REKLAMA

Ekspert bez litości o nowych przepisach. Używane ubrania wylądują w lasach

Nowe przepisy związane z wyrzucaniem używanej odzieży budzą wątpliwości. Inny sposób na segregację odpadów tekstylnych ma zwiększyć poziom recyklingu, jednak według ekspertów pozbywanie się ubrań będzie zbyt skomplikowane dla ludzi. Niektóre miasta wyciągają pomocną dłoń. Są jednak takie, które zakładają, że damy radę.

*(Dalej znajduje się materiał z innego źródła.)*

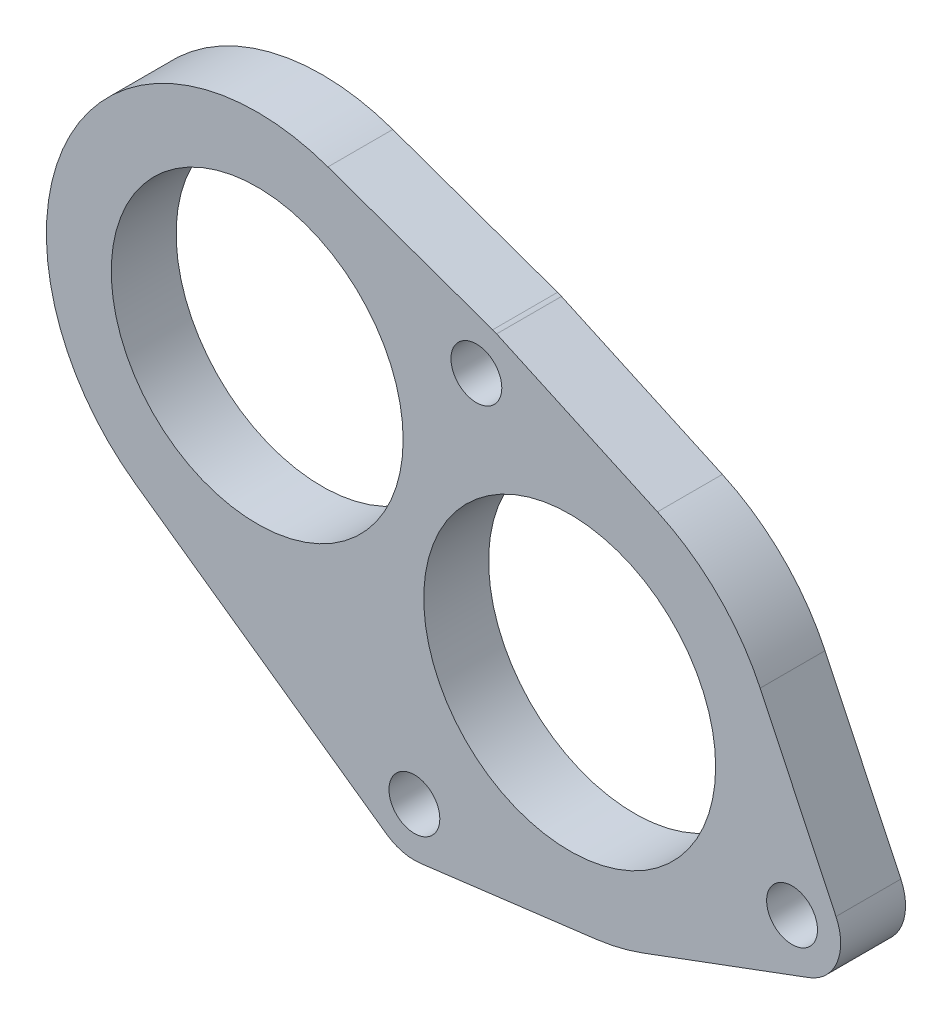
ISO-10303-21;
HEADER;
FILE_DESCRIPTION(('STEP AP214'),'2;1');
FILE_NAME('part.step','',(''),(''),'','','');
FILE_SCHEMA(('AUTOMOTIVE_DESIGN { 1 0 10303 214 1 1 1 1 }'));
ENDSEC;
DATA;
#1=APPLICATION_CONTEXT('core data for automotive mechanical design processes');
#2=APPLICATION_PROTOCOL_DEFINITION('international standard','automotive_design',2000,#1);
#3=PRODUCT_CONTEXT('',#1,'mechanical');
#4=PRODUCT('Part','Part','',(#3));
#5=PRODUCT_RELATED_PRODUCT_CATEGORY('part','',(#4));
#6=PRODUCT_DEFINITION_FORMATION('','',#4);
#7=PRODUCT_DEFINITION_CONTEXT('part definition',#1,'design');
#8=PRODUCT_DEFINITION('design','',#6,#7);
#9=PRODUCT_DEFINITION_SHAPE('','',#8);
#10=(LENGTH_UNIT() NAMED_UNIT(*) SI_UNIT(.MILLI.,.METRE.));
#11=(NAMED_UNIT(*) PLANE_ANGLE_UNIT() SI_UNIT($,.RADIAN.));
#12=(NAMED_UNIT(*) SI_UNIT($,.STERADIAN.) SOLID_ANGLE_UNIT());
#13=UNCERTAINTY_MEASURE_WITH_UNIT(LENGTH_MEASURE(1.E-05),#10,'distance_accuracy_value','');
#14=(GEOMETRIC_REPRESENTATION_CONTEXT(3) GLOBAL_UNCERTAINTY_ASSIGNED_CONTEXT((#13)) GLOBAL_UNIT_ASSIGNED_CONTEXT((#10,
#11,#12)) REPRESENTATION_CONTEXT('',''));
#15=CARTESIAN_POINT('',(0.,0.,0.));
#16=DIRECTION('',(0.,0.,1.));
#17=DIRECTION('',(1.,0.,0.));
#18=AXIS2_PLACEMENT_3D('',#15,#16,#17);
#19=CARTESIAN_POINT('',(458.923708871141,308.634202817224,6.35));
#20=DIRECTION('',(0.,0.,1.));
#21=DIRECTION('',(1.,0.,0.));
#22=AXIS2_PLACEMENT_3D('',#19,#20,#21);
#23=PLANE('',#22);
#24=CARTESIAN_POINT('',(511.280017293558,287.355993461718,6.35));
#25=DIRECTION('',(0.,0.,1.));
#26=DIRECTION('',(1.,0.,0.));
#27=AXIS2_PLACEMENT_3D('',#24,#25,#26);
#28=CIRCLE('',#27,2.48919999999983);
#29=CARTESIAN_POINT('',(513.769217293558,287.355993461718,6.35));
#30=VERTEX_POINT('',#29);
#31=EDGE_CURVE('E299',#30,#30,#28,.T.);
#32=ORIENTED_EDGE('',*,*,#31,.F.);
#33=EDGE_LOOP('',(#32));
#34=FACE_BOUND('',#33,.T.);
#35=CARTESIAN_POINT('',(458.923708871141,308.634202817224,6.35));
#36=DIRECTION('',(0.,0.,1.));
#37=DIRECTION('',(1.,0.,0.));
#38=AXIS2_PLACEMENT_3D('',#35,#36,#37);
#39=CIRCLE('',#38,14.2875000000001);
#40=CARTESIAN_POINT('',(473.211208871141,308.634202817224,6.35));
#41=VERTEX_POINT('',#40);
#42=EDGE_CURVE('E311',#41,#41,#39,.T.);
#43=ORIENTED_EDGE('',*,*,#42,.F.);
#44=EDGE_LOOP('',(#43));
#45=FACE_BOUND('',#44,.T.);
#46=CARTESIAN_POINT('',(458.923708871141,308.634202817224,6.35));
#47=DIRECTION('',(0.,0.,1.));
#48=DIRECTION('',(1.,0.,0.));
#49=AXIS2_PLACEMENT_3D('',#46,#47,#48);
#50=CIRCLE('',#49,20.6375000000002);
#51=CARTESIAN_POINT('',(465.844521394218,328.076650200988,6.35));
#52=VERTEX_POINT('',#51);
#53=CARTESIAN_POINT('',(446.998547845567,291.790897299477,6.35));
#54=VERTEX_POINT('',#53);
#55=EDGE_CURVE('E181',#52,#54,#50,.T.);
#56=ORIENTED_EDGE('',*,*,#55,.T.);
#57=DIRECTION('',(0.816150479357799,-0.577839419773379,0.));
#58=VECTOR('',#57,1.);
#59=CARTESIAN_POINT('',(446.998547845567,291.790897299477,6.35));
#60=LINE('',#59,#58);
#61=CARTESIAN_POINT('',(471.557949312387,274.40269420152,6.35));
#62=VERTEX_POINT('',#61);
#63=EDGE_CURVE('E109',#54,#62,#60,.T.);
#64=ORIENTED_EDGE('',*,*,#63,.T.);
#65=CARTESIAN_POINT('',(474.309909549058,278.289610859461,6.35));
#66=DIRECTION('',(0.,0.,1.));
#67=DIRECTION('',(1.,0.,0.));
#68=AXIS2_PLACEMENT_3D('',#65,#66,#67);
#69=CIRCLE('',#68,4.76250000000001);
#70=CARTESIAN_POINT('',(474.904236773766,273.56434034869,6.35));
#71=VERTEX_POINT('',#70);
#72=EDGE_CURVE('E208',#62,#71,#69,.T.);
#73=ORIENTED_EDGE('',*,*,#72,.T.);
#74=DIRECTION('',(0.992182784414036,0.124793118049078,0.));
#75=VECTOR('',#74,1.);
#76=CARTESIAN_POINT('',(474.904236773766,273.56434034869,6.35));
#77=LINE('',#76,#75);
#78=CARTESIAN_POINT('',(492.08932951865,275.725818396168,6.35));
#79=VERTEX_POINT('',#78);
#80=EDGE_CURVE('E227',#71,#79,#77,.T.);
#81=ORIENTED_EDGE('',*,*,#80,.T.);
#82=CARTESIAN_POINT('',(489.513911544912,296.201990609513,6.35));
#83=DIRECTION('',(0.,0.,1.));
#84=DIRECTION('',(1.,0.,0.));
#85=AXIS2_PLACEMENT_3D('',#82,#83,#84);
#86=CIRCLE('',#85,20.6375000000002);
#87=CARTESIAN_POINT('',(496.703937370517,276.85748402813,6.35));
#88=VERTEX_POINT('',#87);
#89=EDGE_CURVE('E224',#79,#88,#86,.T.);
#90=ORIENTED_EDGE('',*,*,#89,.T.);
#91=DIRECTION('',(0.93734738129047,0.348396163566562,0.));
#92=VECTOR('',#91,1.);
#93=CARTESIAN_POINT('',(496.703937370517,276.85748402813,6.35));
#94=LINE('',#93,#92);
#95=CARTESIAN_POINT('',(512.939254022543,282.891876558322,6.35));
#96=VERTEX_POINT('',#95);
#97=EDGE_CURVE('E226',#88,#96,#94,.T.);
#98=ORIENTED_EDGE('',*,*,#97,.T.);
#99=CARTESIAN_POINT('',(511.280017293558,287.355993461718,6.35));
#100=DIRECTION('',(0.,0.,1.));
#101=DIRECTION('',(1.,0.,0.));
#102=AXIS2_PLACEMENT_3D('',#99,#100,#101);
#103=CIRCLE('',#102,4.76249999999996);
#104=CARTESIAN_POINT('',(515.583008216685,289.396992081386,6.35));
#105=VERTEX_POINT('',#104);
#106=EDGE_CURVE('E229',#96,#105,#103,.T.);
#107=ORIENTED_EDGE('',*,*,#106,.T.);
#108=DIRECTION('',(-0.428556140612777,0.903515154462326,0.));
#109=VECTOR('',#108,1.);
#110=CARTESIAN_POINT('',(515.583008216685,289.396992081386,6.35));
#111=LINE('',#110,#109);
#112=CARTESIAN_POINT('',(508.160205545129,305.046317961409,6.35));
#113=VERTEX_POINT('',#112);
#114=EDGE_CURVE('E235',#105,#113,#111,.T.);
#115=ORIENTED_EDGE('',*,*,#114,.T.);
#116=CARTESIAN_POINT('',(489.513911544912,296.201990609513,6.35));
#117=DIRECTION('',(0.,0.,1.));
#118=DIRECTION('',(1.,0.,0.));
#119=AXIS2_PLACEMENT_3D('',#116,#117,#118);
#120=CIRCLE('',#119,20.6375000000002);
#121=CARTESIAN_POINT('',(498.108427309124,314.964738410107,6.35));
#122=VERTEX_POINT('',#121);
#123=EDGE_CURVE('E140',#113,#122,#120,.T.);
#124=ORIENTED_EDGE('',*,*,#123,.T.);
#125=DIRECTION('',(-0.909157979435234,0.416451399840656,0.));
#126=VECTOR('',#125,1.);
#127=CARTESIAN_POINT('',(498.108427309124,314.964738410107,6.35));
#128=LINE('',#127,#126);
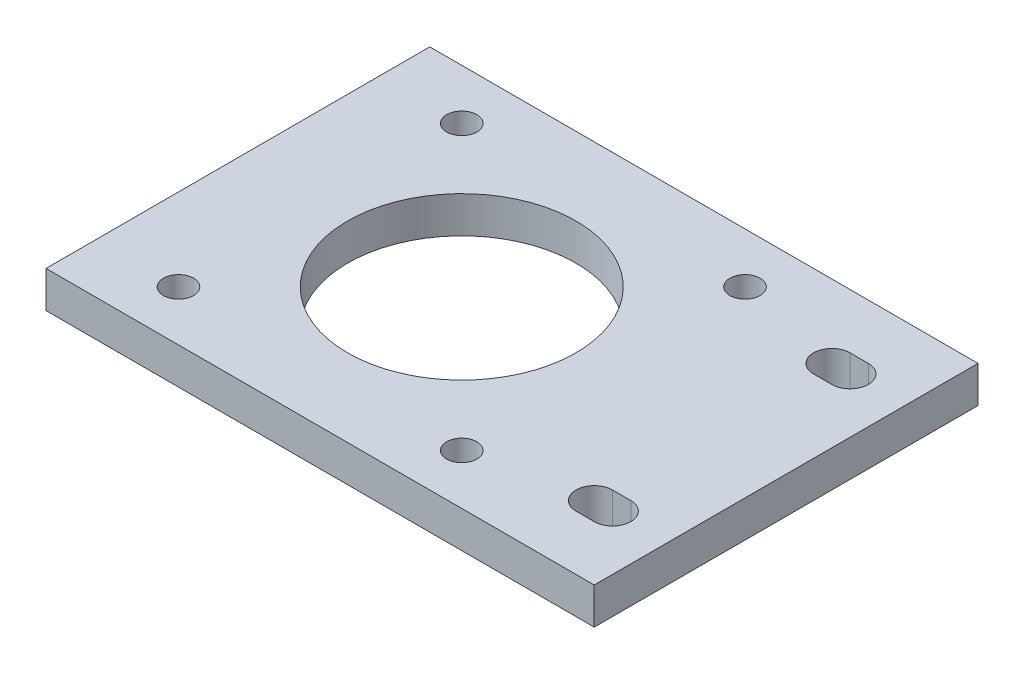
ISO-10303-21;
HEADER;
FILE_DESCRIPTION(('STEP AP214'),'2;1');
FILE_NAME('part.step','',(''),(''),'','','');
FILE_SCHEMA(('AUTOMOTIVE_DESIGN { 1 0 10303 214 1 1 1 1 }'));
ENDSEC;
DATA;
#1=APPLICATION_CONTEXT('core data for automotive mechanical design processes');
#2=APPLICATION_PROTOCOL_DEFINITION('international standard','automotive_design',2000,#1);
#3=PRODUCT_CONTEXT('',#1,'mechanical');
#4=PRODUCT('Part','Part','',(#3));
#5=PRODUCT_RELATED_PRODUCT_CATEGORY('part','',(#4));
#6=PRODUCT_DEFINITION_FORMATION('','',#4);
#7=PRODUCT_DEFINITION_CONTEXT('part definition',#1,'design');
#8=PRODUCT_DEFINITION('design','',#6,#7);
#9=PRODUCT_DEFINITION_SHAPE('','',#8);
#10=(LENGTH_UNIT() NAMED_UNIT(*) SI_UNIT(.MILLI.,.METRE.));
#11=(NAMED_UNIT(*) PLANE_ANGLE_UNIT() SI_UNIT($,.RADIAN.));
#12=(NAMED_UNIT(*) SI_UNIT($,.STERADIAN.) SOLID_ANGLE_UNIT());
#13=UNCERTAINTY_MEASURE_WITH_UNIT(LENGTH_MEASURE(1.E-05),#10,'distance_accuracy_value','');
#14=(GEOMETRIC_REPRESENTATION_CONTEXT(3) GLOBAL_UNCERTAINTY_ASSIGNED_CONTEXT((#13)) GLOBAL_UNIT_ASSIGNED_CONTEXT((#10,
#11,#12)) REPRESENTATION_CONTEXT('',''));
#15=CARTESIAN_POINT('',(0.,0.,0.));
#16=DIRECTION('',(0.,0.,1.));
#17=DIRECTION('',(1.,0.,0.));
#18=AXIS2_PLACEMENT_3D('',#15,#16,#17);
#19=CARTESIAN_POINT('',(0.,4.,0.));
#20=DIRECTION('',(0.,1.,0.));
#21=DIRECTION('',(0.,0.,1.));
#22=AXIS2_PLACEMENT_3D('',#19,#20,#21);
#23=PLANE('',#22);
#24=CARTESIAN_POINT('',(2.24787364877131,4.,32.6029842915746));
#25=DIRECTION('',(0.,1.,0.));
#26=DIRECTION('',(0.,0.,1.));
#27=AXIS2_PLACEMENT_3D('',#24,#25,#26);
#28=CIRCLE('',#27,1.65);
#29=CARTESIAN_POINT('',(2.24787364877131,4.,34.2529842915746));
#30=VERTEX_POINT('',#29);
#31=EDGE_CURVE('E377',#30,#30,#28,.T.);
#32=ORIENTED_EDGE('',*,*,#31,.F.);
#33=EDGE_LOOP('',(#32));
#34=FACE_BOUND('',#33,.T.);
#35=CARTESIAN_POINT('',(2.24787364877131,4.,1.60298429157464));
#36=DIRECTION('',(0.,1.,0.));
#37=DIRECTION('',(0.,0.,1.));
#38=AXIS2_PLACEMENT_3D('',#35,#36,#37);
#39=CIRCLE('',#38,1.65);
#40=CARTESIAN_POINT('',(2.24787364877131,4.,3.25298429157464));
#41=VERTEX_POINT('',#40);
#42=EDGE_CURVE('E393',#41,#41,#39,.T.);
#43=ORIENTED_EDGE('',*,*,#42,.F.);
#44=EDGE_LOOP('',(#43));
#45=FACE_BOUND('',#44,.T.);
#46=DIRECTION('',(1.,0.,0.));
#47=VECTOR('',#46,1.);
#48=CARTESIAN_POINT('',(45.2478736487713,4.,32.1029842915746));
#49=LINE('',#48,#47);
#50=CARTESIAN_POINT('',(45.2478736487713,4.,32.1029842915746));
#51=VERTEX_POINT('',#50);
#52=CARTESIAN_POINT('',(47.2478736487713,4.,32.1029842915746));
#53=VERTEX_POINT('',#52);
#54=EDGE_CURVE('E140',#51,#53,#49,.T.);
#55=ORIENTED_EDGE('',*,*,#54,.F.);
#56=CARTESIAN_POINT('',(45.2478736487713,4.,30.1029842915746));
#57=DIRECTION('',(0.,1.,0.));
#58=DIRECTION('',(0.,0.,-1.));
#59=AXIS2_PLACEMENT_3D('',#56,#57,#58);
#60=CIRCLE('',#59,2.);
#61=CARTESIAN_POINT('',(45.2478736487713,4.,28.1029842915746));
#62=VERTEX_POINT('',#61);
#63=EDGE_CURVE('E131',#62,#51,#60,.T.);
#64=ORIENTED_EDGE('',*,*,#63,.F.);
#65=DIRECTION('',(-1.,0.,0.));
#66=VECTOR('',#65,1.);
#67=CARTESIAN_POINT('',(45.2478736487713,4.,28.1029842915746));
#68=LINE('',#67,#66);
#69=CARTESIAN_POINT('',(47.2478736487713,4.,28.1029842915746));
#70=VERTEX_POINT('',#69);
#71=EDGE_CURVE('E158',#70,#62,#68,.T.);
#72=ORIENTED_EDGE('',*,*,#71,.F.);
#73=CARTESIAN_POINT('',(47.2478736487713,4.,30.1029842915746));
#74=DIRECTION('',(0.,1.,0.));
#75=DIRECTION('',(0.,0.,-1.));
#76=AXIS2_PLACEMENT_3D('',#73,#74,#75);
#77=CIRCLE('',#76,2.);
#78=EDGE_CURVE('E154',#53,#70,#77,.T.);
#79=ORIENTED_EDGE('',*,*,#78,.F.);
#80=EDGE_LOOP('',(#55,#64,#72,#79));
#81=FACE_BOUND('',#80,.T.);
#82=DIRECTION('',(1.,0.,0.));
#83=VECTOR('',#82,1.);
#84=CARTESIAN_POINT('',(45.2478736487713,4.,6.10298429157464));
#85=LINE('',#84,#83);
#86=CARTESIAN_POINT('',(45.2478736487713,4.,6.10298429157464));
#87=VERTEX_POINT('',#86);
#88=CARTESIAN_POINT('',(47.2478736487713,4.,6.10298429157464));
#89=VERTEX_POINT('',#88);
#90=EDGE_CURVE('E185',#87,#89,#85,.T.);
#91=ORIENTED_EDGE('',*,*,#90,.F.);
#92=CARTESIAN_POINT('',(45.2478736487713,4.,4.10298429157464));
#93=DIRECTION('',(0.,1.,0.));
#94=DIRECTION('',(0.,0.,1.));
#95=AXIS2_PLACEMENT_3D('',#92,#93,#94);
#96=CIRCLE('',#95,2.);
#97=CARTESIAN_POINT('',(45.2478736487713,4.,2.10298429157464));
#98=VERTEX_POINT('',#97);
#99=EDGE_CURVE('E182',#98,#87,#96,.T.);
#100=ORIENTED_EDGE('',*,*,#99,.F.);
#101=DIRECTION('',(-1.,0.,0.));
#102=VECTOR('',#101,1.);
#103=CARTESIAN_POINT('',(45.2478736487713,4.,2.10298429157464));
#104=LINE('',#103,#102);
#105=CARTESIAN_POINT('',(47.2478736487713,4.,2.10298429157464));
#106=VERTEX_POINT('',#105);
#107=EDGE_CURVE('E193',#106,#98,#104,.T.);
#108=ORIENTED_EDGE('',*,*,#107,.F.);
#109=CARTESIAN_POINT('',(47.2478736487713,4.,4.10298429157464));
#110=DIRECTION('',(0.,1.,0.));
#111=DIRECTION('',(0.,0.,1.));
#112=AXIS2_PLACEMENT_3D('',#109,#110,#111);
#113=CIRCLE('',#112,2.);
#114=EDGE_CURVE('E189',#89,#106,#113,.T.);
#115=ORIENTED_EDGE('',*,*,#114,.F.);
#116=EDGE_LOOP('',(#91,#100,#108,#115));
#117=FACE_BOUND('',#116,.T.);
#118=DIRECTION('',(0.,0.,1.));
#119=VECTOR('',#118,1.);
#120=CARTESIAN_POINT('',(-6.75212635122869,4.,-3.89701570842536));
#121=LINE('',#120,#119);
#122=CARTESIAN_POINT('',(-6.75212635122869,4.,-3.89701570842536));
#123=VERTEX_POINT('',#122);
#124=CARTESIAN_POINT('',(-6.75212635122869,4.,38.1029842915746));
#125=VERTEX_POINT('',#124);
#126=EDGE_CURVE('E225',#123,#125,#121,.T.);
#127=ORIENTED_EDGE('',*,*,#126,.T.);
#128=DIRECTION('',(1.,0.,0.));
#129=VECTOR('',#128,1.);
#130=CARTESIAN_POINT('',(-6.75212635122869,4.,38.1029842915746));
#131=LINE('',#130,#129);
#132=CARTESIAN_POINT('',(53.2478736487713,4.,38.1029842915746));
#133=VERTEX_POINT('',#132);
#134=EDGE_CURVE('E229',#125,#133,#131,.T.);
#135=ORIENTED_EDGE('',*,*,#134,.T.);
#136=DIRECTION('',(0.,0.,-1.));
#137=VECTOR('',#136,1.);
#138=CARTESIAN_POINT('',(53.2478736487713,4.,-3.89701570842536));
#139=LINE('',#138,#137);
#140=CARTESIAN_POINT('',(53.2478736487713,4.,-3.89701570842536));
#141=VERTEX_POINT('',#140);
#142=EDGE_CURVE('E233',#133,#141,#139,.T.);
#143=ORIENTED_EDGE('',*,*,#142,.T.);
#144=DIRECTION('',(-1.,0.,0.));
#145=VECTOR('',#144,1.);
#146=CARTESIAN_POINT('',(-6.75212635122869,4.,-3.89701570842536));
#147=LINE('',#146,#145);
#148=EDGE_CURVE('E236',#141,#123,#147,.T.);
#149=ORIENTED_EDGE('',*,*,#148,.T.);
#150=EDGE_LOOP('',(#127,#135,#143,#149));
#151=FACE_BOUND('',#150,.T.);
#152=CARTESIAN_POINT('',(33.2478736487713,4.,1.60298429157464));
#153=DIRECTION('',(0.,1.,0.));
#154=DIRECTION('',(0.,0.,1.));
#155=AXIS2_PLACEMENT_3D('',#152,#153,#154);
#156=CIRCLE('',#155,1.65);
#157=CARTESIAN_POINT('',(33.2478736487713,4.,3.25298429157464));
#158=VERTEX_POINT('',#157);
#159=EDGE_CURVE('E166',#158,#158,#156,.T.);
#160=ORIENTED_EDGE('',*,*,#159,.F.);
#161=EDGE_LOOP('',(#160));
#162=FACE_BOUND('',#161,.T.);
#163=CARTESIAN_POINT('',(33.2478736487713,4.,32.6029842915746));
#164=DIRECTION('',(0.,1.,0.));
#165=DIRECTION('',(0.,0.,1.));
#166=AXIS2_PLACEMENT_3D('',#163,#164,#165);
#167=CIRCLE('',#166,1.65);
#168=CARTESIAN_POINT('',(33.2478736487713,4.,34.2529842915746));
#169=VERTEX_POINT('',#168);
#170=EDGE_CURVE('E385',#169,#169,#167,.T.);
#171=ORIENTED_EDGE('',*,*,#170,.F.);
#172=EDGE_LOOP('',(#171));
#173=FACE_BOUND('',#172,.T.);
#174=CARTESIAN_POINT('',(17.7478736487713,4.,17.1029842915746));
#175=DIRECTION('',(0.,1.,0.));
#176=DIRECTION('',(0.,0.,1.));
#177=AXIS2_PLACEMENT_3D('',#174,#175,#176);
#178=CIRCLE('',#177,12.5);
#179=CARTESIAN_POINT('',(17.7478736487713,4.,29.6029842915746));
#180=VERTEX_POINT('',#179);
#181=EDGE_CURVE('E366',#180,#180,#178,.T.);
#182=ORIENTED_EDGE('',*,*,#181,.F.);
#183=EDGE_LOOP('',(#182));
#184=FACE_BOUND('',#183,.T.);
#185=ADVANCED_FACE('F41',(#34,#45,#81,#117,#151,#162,#173,#184),#23,.T.);
#186=CARTESIAN_POINT('',(0.,0.,0.));
#187=DIRECTION('',(0.,1.,0.));
#188=DIRECTION('',(0.,0.,1.));
#189=AXIS2_PLACEMENT_3D('',#186,#187,#188);
#190=PLANE('',#189);
#191=CARTESIAN_POINT('',(45.2478736487713,0.,4.10298429157464));
#192=DIRECTION('',(0.,1.,0.));
#193=DIRECTION('',(0.,0.,1.));
#194=AXIS2_PLACEMENT_3D('',#191,#192,#193);
#195=CIRCLE('',#194,2.);
#196=CARTESIAN_POINT('',(45.2478736487713,0.,2.10298429157464));
#197=VERTEX_POINT('',#196);
#198=CARTESIAN_POINT('',(45.2478736487713,0.,6.10298429157464));
#199=VERTEX_POINT('',#198);
#200=EDGE_CURVE('E149',#197,#199,#195,.T.);
#201=ORIENTED_EDGE('',*,*,#200,.T.);
#202=DIRECTION('',(1.,0.,0.));
#203=VECTOR('',#202,1.);
#204=CARTESIAN_POINT('',(45.2478736487713,0.,6.10298429157464));
#205=LINE('',#204,#203);
#206=CARTESIAN_POINT('',(47.2478736487713,0.,6.10298429157464));
#207=VERTEX_POINT('',#206);
#208=EDGE_CURVE('E200',#199,#207,#205,.T.);
#209=ORIENTED_EDGE('',*,*,#208,.T.);
#210=CARTESIAN_POINT('',(47.2478736487713,0.,4.10298429157464));
#211=DIRECTION('',(0.,1.,0.));
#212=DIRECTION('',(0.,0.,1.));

Ekspert bez litości o nowych przepisach. Używane ubrania wylądują w lasach
REKLAMA

Od 1 stycznia 2025 roku każda gmina ma obowiązek selektywnej zbiórki odpadów tekstylnych. Ubrania, tkaniny domowe, akcesoria tekstylne (szaliki czy czapki) oraz buty nie mogą lądować w pojemnikach na odpady zmieszane, jak to wcześniej bywało. Muszą zostać przekazane do Punktów Selektywnego Zbierania Odpadów Komunalnych (PSZOK).

REKLAMA

Sęk w tym, że takich punktów jest mało. Portal Samorządowy przypomina, że w Białymstoku funkcjonują ledwie dwa, a w dużo większej Warszawie tylko cztery. Dlatego też gminy zaznaczały, że istnieje alternatywa - rzeczy niezniszczone można sprzedać, przekazać lub wrzucić do kontenera PCK na odzież. Warto naprawiać, a dopiero wtedy, gdy już niczego zrobić się nie da, pozostaje wizyta w PSZOK-u.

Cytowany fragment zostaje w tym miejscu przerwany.